Facing a sell-by date of next year once AT&T’s planned multibillion-dollar spinoff of WarnerMedia into a new entity run by Discovery CEO David Zaslav takes hold (pending regulatory approval), Kilar’s future is in flux. As to what role he could have in the new company, AT&T CEO John Stankey called the former Hulu CEO a “fantastic talent,” but punted on specifics.

“David’s got decisions he’s gotta make across a broad cross-section of how he wants to organize the business and who will be in what roles moving forward in this transition period,” added Stankey, the telecommunications boss and former WarnerMedia leader.

Whispers are that Kilar could end up back at Amazon, where he was one of Jeff Bezos’ brain-trust execs from 1997-2006. If joining up again with the giant now run by Andy Jassy doesn’t come to pass, the bet is the ambitious Kilar will find a perch high up in the tech world one way or another. Perhaps leaning into that, Kilar said, “I won’t bet against Andy” and praised Bezos in front of the well-heeled Beverly Hilton crowd.

Promising to spend “north of 18” billion dollars on content over the next year in the competitive streaming space that includes Netflix, Apple TV+, Disney+, Amazon Prime and more, Kilar acknowledged he botched the landing with his decision in late 2020 to take a hybrid release approach with Warner Bros’ 17-movie slate. “We endeavored to do the right thing in terms of communication,” the CEO said.

“Change is hard,” Kilar also noted, adding that he and his team should have spent a month or more having “170 conversations” with creatives, talent and agencies.

“Our intentions were good,” he said.

Those intentions have smashed up against some hard realities.

Since May 17, when AT&T announced tis $43 billion deal to merge WarnerMedia with Discovery, the telecom giant’s shares have dropped 19%. Today, they drifted down a fraction to end the trading session at $27.24, near a one-year low. (Discovery’s have fallen 34%, suggesting Wall Street wariness of the transaction, which is still under regulatory review.)
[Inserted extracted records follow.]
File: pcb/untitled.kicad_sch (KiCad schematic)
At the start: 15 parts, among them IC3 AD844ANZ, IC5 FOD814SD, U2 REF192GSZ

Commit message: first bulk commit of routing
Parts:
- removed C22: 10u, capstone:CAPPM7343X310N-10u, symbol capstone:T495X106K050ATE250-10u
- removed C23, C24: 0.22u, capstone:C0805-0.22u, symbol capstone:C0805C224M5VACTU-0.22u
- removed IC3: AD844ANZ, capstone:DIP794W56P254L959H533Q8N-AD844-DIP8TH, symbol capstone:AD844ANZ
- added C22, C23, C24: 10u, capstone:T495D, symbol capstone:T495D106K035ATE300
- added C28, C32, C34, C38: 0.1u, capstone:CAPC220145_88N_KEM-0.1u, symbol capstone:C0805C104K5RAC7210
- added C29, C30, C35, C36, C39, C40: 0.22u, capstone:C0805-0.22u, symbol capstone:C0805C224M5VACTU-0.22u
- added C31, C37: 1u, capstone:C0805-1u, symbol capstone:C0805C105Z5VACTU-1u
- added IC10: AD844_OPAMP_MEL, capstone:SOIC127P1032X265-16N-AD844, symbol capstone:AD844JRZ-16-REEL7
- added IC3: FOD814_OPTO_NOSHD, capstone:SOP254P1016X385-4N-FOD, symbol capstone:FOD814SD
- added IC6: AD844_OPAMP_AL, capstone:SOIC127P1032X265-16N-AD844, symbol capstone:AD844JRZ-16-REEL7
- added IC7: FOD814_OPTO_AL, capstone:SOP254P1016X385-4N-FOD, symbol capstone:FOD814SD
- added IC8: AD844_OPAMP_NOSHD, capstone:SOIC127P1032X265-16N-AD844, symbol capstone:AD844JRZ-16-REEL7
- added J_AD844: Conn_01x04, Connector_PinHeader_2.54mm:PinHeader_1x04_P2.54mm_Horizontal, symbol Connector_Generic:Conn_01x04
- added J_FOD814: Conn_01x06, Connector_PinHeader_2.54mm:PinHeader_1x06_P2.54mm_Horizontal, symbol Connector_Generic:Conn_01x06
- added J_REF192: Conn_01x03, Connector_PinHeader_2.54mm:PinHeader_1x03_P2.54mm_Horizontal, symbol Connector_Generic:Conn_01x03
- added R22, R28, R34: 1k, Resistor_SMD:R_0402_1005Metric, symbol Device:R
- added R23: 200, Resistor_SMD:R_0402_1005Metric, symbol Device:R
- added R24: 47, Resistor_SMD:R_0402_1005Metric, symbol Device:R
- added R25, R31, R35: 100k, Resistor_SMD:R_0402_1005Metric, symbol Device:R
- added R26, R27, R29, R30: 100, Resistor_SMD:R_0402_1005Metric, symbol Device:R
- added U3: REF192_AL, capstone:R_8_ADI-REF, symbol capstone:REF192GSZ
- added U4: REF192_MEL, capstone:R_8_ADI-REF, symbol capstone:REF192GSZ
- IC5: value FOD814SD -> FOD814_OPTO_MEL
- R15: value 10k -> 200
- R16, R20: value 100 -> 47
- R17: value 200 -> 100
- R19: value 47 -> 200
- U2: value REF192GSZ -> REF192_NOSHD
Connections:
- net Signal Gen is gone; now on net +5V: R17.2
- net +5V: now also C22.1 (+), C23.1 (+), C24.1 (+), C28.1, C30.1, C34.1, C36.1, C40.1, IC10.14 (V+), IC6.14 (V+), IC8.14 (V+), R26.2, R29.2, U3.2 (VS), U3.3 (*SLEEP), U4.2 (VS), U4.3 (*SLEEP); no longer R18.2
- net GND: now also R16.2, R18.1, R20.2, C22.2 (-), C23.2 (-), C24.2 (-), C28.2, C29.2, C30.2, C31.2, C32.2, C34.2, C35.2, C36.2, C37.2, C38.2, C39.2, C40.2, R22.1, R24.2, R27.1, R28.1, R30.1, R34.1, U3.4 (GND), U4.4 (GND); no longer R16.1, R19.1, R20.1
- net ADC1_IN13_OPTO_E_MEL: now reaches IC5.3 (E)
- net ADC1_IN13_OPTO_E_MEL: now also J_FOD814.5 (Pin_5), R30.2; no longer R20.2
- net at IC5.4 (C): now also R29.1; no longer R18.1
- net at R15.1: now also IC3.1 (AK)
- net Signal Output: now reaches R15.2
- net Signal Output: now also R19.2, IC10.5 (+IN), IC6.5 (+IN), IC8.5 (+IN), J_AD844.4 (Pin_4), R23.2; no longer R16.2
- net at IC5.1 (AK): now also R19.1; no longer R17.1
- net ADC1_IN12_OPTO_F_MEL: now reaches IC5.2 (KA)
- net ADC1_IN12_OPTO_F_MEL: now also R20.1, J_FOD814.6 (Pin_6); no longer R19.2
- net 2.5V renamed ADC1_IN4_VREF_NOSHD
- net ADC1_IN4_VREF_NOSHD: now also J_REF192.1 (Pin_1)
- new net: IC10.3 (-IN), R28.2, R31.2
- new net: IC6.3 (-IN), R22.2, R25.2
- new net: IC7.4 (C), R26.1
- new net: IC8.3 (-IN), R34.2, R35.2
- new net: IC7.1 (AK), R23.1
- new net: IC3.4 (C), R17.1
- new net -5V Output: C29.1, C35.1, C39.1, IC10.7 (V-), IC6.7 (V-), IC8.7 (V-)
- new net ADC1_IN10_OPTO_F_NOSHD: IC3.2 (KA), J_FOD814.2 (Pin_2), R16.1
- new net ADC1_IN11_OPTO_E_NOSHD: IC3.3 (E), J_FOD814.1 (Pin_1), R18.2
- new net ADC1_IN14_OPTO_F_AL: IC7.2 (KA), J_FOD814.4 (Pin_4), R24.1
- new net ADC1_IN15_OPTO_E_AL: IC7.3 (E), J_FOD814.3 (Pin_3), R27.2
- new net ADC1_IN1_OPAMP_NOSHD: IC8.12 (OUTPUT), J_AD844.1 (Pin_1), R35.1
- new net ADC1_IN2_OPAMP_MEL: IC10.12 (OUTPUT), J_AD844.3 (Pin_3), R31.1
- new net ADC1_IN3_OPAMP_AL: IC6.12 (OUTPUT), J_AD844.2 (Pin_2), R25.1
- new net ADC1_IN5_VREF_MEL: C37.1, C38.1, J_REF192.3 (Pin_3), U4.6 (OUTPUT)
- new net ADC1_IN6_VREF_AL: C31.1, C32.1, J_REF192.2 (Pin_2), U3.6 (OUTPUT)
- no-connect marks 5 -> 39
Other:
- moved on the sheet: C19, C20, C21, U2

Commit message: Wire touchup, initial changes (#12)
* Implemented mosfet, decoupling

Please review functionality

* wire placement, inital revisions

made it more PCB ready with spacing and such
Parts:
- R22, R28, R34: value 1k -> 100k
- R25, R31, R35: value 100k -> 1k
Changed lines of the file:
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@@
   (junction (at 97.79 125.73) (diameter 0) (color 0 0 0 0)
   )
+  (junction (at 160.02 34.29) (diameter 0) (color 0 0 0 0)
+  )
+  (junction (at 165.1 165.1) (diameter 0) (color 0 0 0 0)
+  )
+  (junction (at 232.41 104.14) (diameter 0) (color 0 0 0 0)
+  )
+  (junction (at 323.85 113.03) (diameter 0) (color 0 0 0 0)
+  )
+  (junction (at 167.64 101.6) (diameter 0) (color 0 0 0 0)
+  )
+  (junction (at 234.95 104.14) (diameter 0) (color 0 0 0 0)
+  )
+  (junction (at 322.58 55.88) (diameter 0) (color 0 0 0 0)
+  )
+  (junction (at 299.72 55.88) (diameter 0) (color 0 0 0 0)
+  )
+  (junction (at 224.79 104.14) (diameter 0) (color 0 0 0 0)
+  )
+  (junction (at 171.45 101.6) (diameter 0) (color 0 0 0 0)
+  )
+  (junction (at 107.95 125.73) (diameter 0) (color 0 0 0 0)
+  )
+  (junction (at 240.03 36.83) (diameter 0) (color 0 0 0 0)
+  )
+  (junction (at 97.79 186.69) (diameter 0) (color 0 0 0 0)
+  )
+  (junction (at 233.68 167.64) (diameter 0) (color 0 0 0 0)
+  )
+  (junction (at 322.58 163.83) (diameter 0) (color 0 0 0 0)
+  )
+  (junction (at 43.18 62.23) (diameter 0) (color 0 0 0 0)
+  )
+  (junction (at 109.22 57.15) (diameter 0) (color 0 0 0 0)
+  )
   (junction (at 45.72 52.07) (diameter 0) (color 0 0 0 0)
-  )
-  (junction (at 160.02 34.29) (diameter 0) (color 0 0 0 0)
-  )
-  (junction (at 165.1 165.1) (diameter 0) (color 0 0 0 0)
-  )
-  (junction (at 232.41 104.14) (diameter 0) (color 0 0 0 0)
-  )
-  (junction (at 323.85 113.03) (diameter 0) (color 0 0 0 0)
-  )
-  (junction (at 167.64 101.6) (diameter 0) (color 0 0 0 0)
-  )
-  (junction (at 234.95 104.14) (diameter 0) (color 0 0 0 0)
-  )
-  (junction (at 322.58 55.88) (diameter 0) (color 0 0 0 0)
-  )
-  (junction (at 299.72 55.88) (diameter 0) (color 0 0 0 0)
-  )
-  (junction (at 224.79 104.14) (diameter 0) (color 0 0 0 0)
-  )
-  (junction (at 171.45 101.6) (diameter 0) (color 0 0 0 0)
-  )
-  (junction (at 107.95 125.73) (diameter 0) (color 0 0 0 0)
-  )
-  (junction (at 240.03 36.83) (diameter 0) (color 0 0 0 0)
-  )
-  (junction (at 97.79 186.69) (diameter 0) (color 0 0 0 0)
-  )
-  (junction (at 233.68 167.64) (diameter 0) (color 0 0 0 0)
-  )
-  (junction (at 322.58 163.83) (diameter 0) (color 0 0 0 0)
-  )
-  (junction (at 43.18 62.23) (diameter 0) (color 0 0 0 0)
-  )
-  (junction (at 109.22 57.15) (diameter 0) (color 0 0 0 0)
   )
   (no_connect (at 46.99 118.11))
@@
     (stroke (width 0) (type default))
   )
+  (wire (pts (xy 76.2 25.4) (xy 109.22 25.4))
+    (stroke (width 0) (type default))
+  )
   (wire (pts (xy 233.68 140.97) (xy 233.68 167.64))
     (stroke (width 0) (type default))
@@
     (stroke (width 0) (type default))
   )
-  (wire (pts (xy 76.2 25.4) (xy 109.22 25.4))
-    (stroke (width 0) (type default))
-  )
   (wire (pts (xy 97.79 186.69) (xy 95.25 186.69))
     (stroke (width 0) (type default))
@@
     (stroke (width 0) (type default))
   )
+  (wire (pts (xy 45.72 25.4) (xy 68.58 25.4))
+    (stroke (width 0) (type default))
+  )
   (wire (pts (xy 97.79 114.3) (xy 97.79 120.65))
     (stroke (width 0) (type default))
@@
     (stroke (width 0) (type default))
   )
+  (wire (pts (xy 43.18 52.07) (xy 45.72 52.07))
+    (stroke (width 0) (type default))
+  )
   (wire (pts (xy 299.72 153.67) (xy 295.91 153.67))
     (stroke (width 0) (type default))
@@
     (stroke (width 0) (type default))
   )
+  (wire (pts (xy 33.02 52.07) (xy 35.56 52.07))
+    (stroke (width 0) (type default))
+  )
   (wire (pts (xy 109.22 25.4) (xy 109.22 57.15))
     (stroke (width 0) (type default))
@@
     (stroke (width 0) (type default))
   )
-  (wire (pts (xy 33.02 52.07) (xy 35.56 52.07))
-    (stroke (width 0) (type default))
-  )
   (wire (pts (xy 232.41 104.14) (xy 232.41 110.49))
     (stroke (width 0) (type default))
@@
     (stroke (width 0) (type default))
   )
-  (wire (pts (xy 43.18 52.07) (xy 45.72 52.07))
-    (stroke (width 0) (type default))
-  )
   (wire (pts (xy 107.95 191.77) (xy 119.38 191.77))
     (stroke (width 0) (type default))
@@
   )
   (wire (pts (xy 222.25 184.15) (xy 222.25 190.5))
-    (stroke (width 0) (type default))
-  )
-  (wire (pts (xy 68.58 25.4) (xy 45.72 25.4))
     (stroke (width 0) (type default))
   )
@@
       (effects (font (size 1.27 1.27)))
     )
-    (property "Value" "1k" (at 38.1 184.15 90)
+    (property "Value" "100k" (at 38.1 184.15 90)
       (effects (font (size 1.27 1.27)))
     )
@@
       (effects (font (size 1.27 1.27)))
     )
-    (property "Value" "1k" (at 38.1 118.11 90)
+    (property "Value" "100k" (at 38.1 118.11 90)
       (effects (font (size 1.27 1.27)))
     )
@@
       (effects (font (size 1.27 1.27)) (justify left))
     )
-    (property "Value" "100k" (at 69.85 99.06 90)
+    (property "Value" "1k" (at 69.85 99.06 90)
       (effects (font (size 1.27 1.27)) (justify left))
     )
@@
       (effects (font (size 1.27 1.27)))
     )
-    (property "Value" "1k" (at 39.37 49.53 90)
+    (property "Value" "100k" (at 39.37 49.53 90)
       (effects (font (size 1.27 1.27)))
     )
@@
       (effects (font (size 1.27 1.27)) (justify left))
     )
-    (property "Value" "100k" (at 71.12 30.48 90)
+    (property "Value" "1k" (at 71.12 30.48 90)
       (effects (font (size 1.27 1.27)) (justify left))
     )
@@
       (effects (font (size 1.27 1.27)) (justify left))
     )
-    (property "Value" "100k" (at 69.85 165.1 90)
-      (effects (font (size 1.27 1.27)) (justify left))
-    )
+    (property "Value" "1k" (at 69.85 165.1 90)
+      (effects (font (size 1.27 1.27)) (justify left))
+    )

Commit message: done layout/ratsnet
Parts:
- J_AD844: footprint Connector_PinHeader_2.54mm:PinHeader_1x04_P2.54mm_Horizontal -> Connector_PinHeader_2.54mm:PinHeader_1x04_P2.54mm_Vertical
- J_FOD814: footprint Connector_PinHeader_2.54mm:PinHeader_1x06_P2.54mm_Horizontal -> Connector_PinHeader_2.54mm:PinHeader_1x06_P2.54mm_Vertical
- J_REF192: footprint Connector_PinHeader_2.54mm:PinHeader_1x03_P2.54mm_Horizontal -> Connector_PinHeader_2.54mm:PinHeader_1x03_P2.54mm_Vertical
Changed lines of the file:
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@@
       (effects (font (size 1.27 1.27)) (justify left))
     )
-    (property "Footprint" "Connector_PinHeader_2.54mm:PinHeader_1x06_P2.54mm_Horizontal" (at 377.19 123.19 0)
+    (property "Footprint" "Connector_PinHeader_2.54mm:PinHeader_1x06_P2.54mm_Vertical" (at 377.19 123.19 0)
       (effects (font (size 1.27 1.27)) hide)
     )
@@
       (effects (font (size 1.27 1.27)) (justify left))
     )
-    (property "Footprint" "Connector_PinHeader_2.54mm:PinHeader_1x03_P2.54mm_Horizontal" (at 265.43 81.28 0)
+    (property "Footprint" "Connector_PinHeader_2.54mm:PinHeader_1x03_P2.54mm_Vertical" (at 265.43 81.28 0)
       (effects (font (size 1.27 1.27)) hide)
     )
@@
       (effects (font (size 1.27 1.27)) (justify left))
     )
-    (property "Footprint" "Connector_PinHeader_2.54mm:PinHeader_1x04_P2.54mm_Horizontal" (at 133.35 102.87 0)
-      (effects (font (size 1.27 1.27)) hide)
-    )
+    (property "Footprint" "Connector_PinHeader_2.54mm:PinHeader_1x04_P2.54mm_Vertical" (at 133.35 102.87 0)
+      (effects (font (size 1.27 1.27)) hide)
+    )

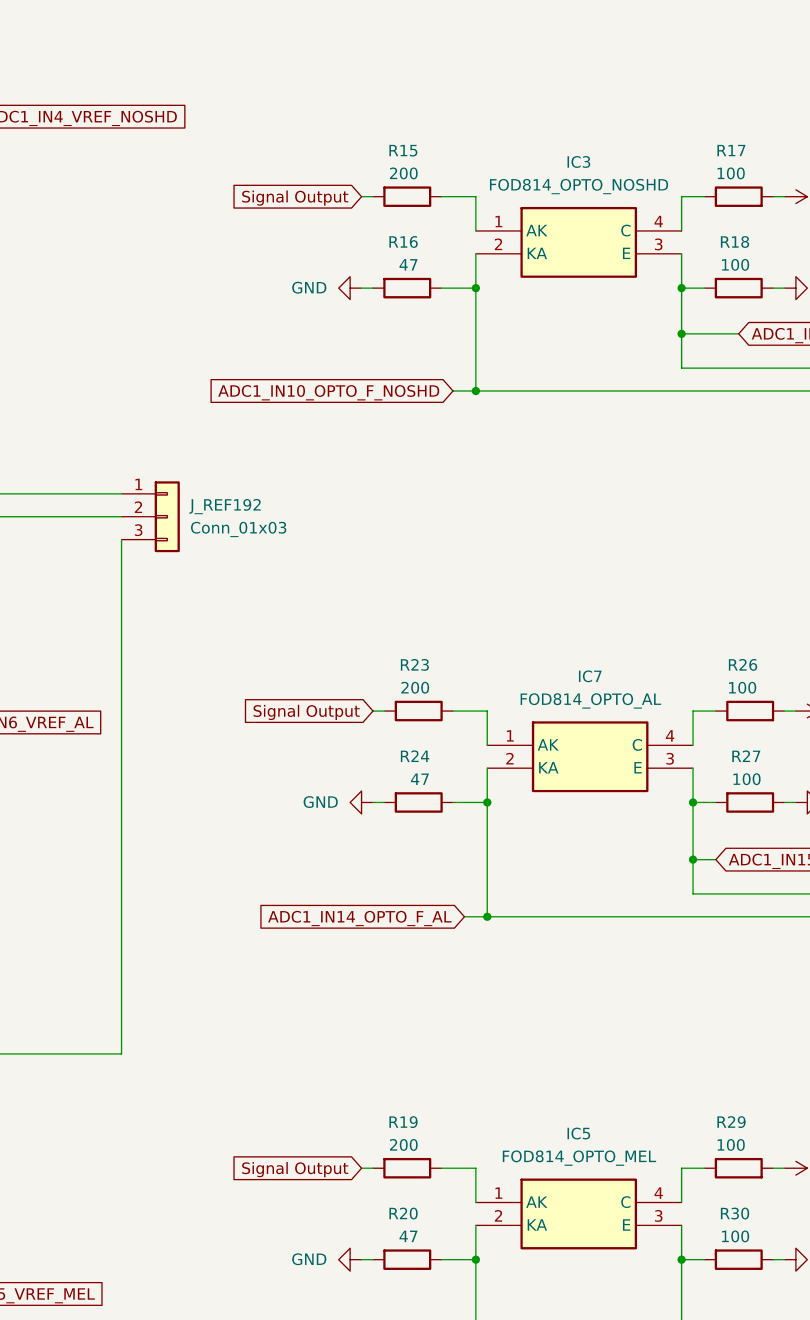
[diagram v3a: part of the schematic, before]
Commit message: Added-Voltage-follower-and-Changed-opto-resistor-values
Added the voltage follower circuit to the signal gen. Changed the R values on the optoisolator circuit.
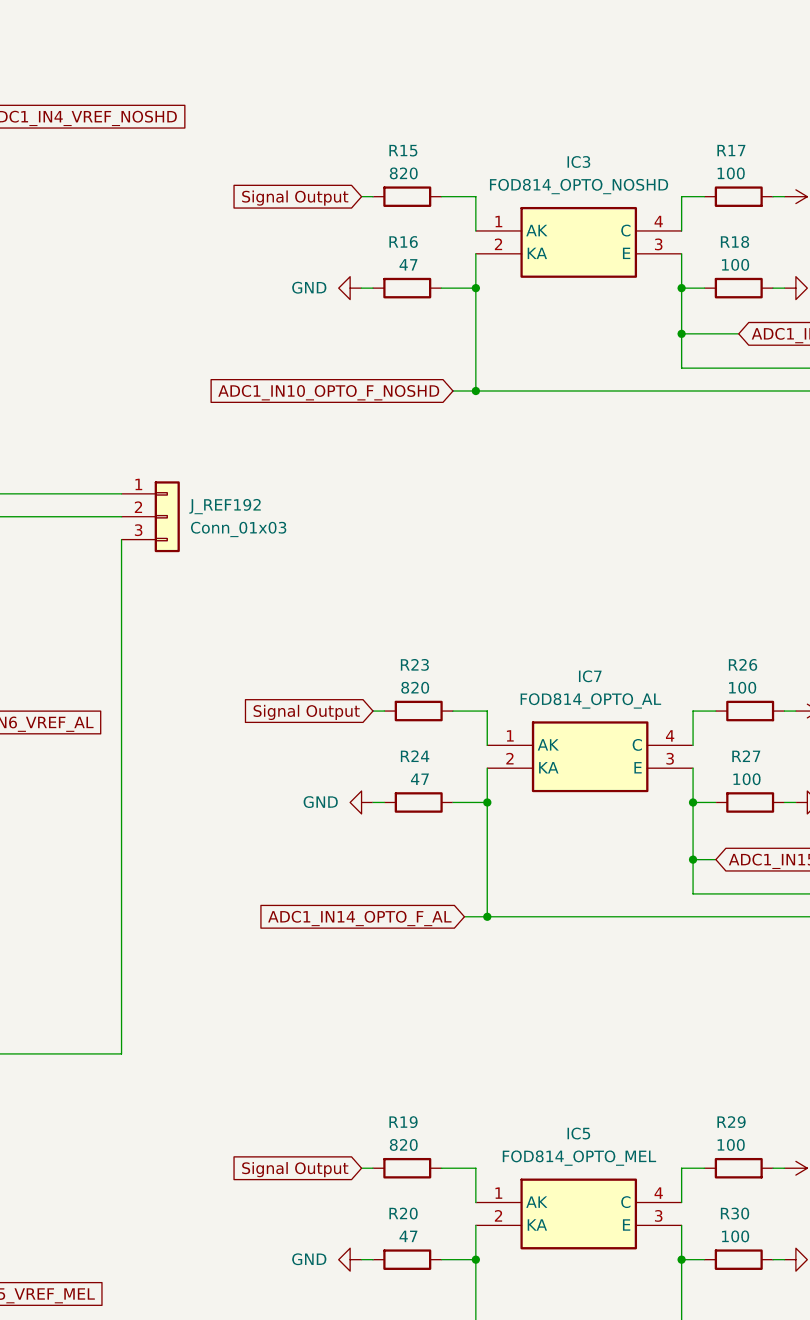
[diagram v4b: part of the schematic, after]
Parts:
- R15, R19, R23: value 200 -> 820
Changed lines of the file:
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@@
       (effects (font (size 1.27 1.27)) (justify right))
     )
-    (property "Value" "200" (at 293.37 43.18 90)
+    (property "Value" "820" (at 293.37 43.18 90)
       (effects (font (size 1.27 1.27)) (justify right))
     )
@@
       (effects (font (size 1.27 1.27)) (justify right))
     )
-    (property "Value" "200" (at 293.37 151.13 90)
+    (property "Value" "820" (at 293.37 151.13 90)
       (effects (font (size 1.27 1.27)) (justify right))
     )
@@
       (effects (font (size 1.27 1.27)) (justify right))
     )
-    (property "Value" "200" (at 294.64 100.33 90)
-      (effects (font (size 1.27 1.27)) (justify right))
-    )
+    (property "Value" "820" (at 294.64 100.33 90)
+      (effects (font (size 1.27 1.27)) (justify right))
+    )

The lag in AT&T’s share price is nothing new. Apart from brief spurts of optimism about the company’s forays into entertainment with the acquisitions of Time Warner and DirecTV, shares have largely moved sideways for a decade. Unlike the institutional control of most other blue-chip stocks, 48% of AT&T shares are owned by individual investors. That structure requires the company to devote financial resources to paying quarterly dividends rather than re-routing funds for debt repayment or other purposes.

Still, Kilar himself isn’t letting anyone see him sweat, taking to social media Tuesday to project his love of the company he will certainly soon exit.

The Code Conference continues through tomorrow.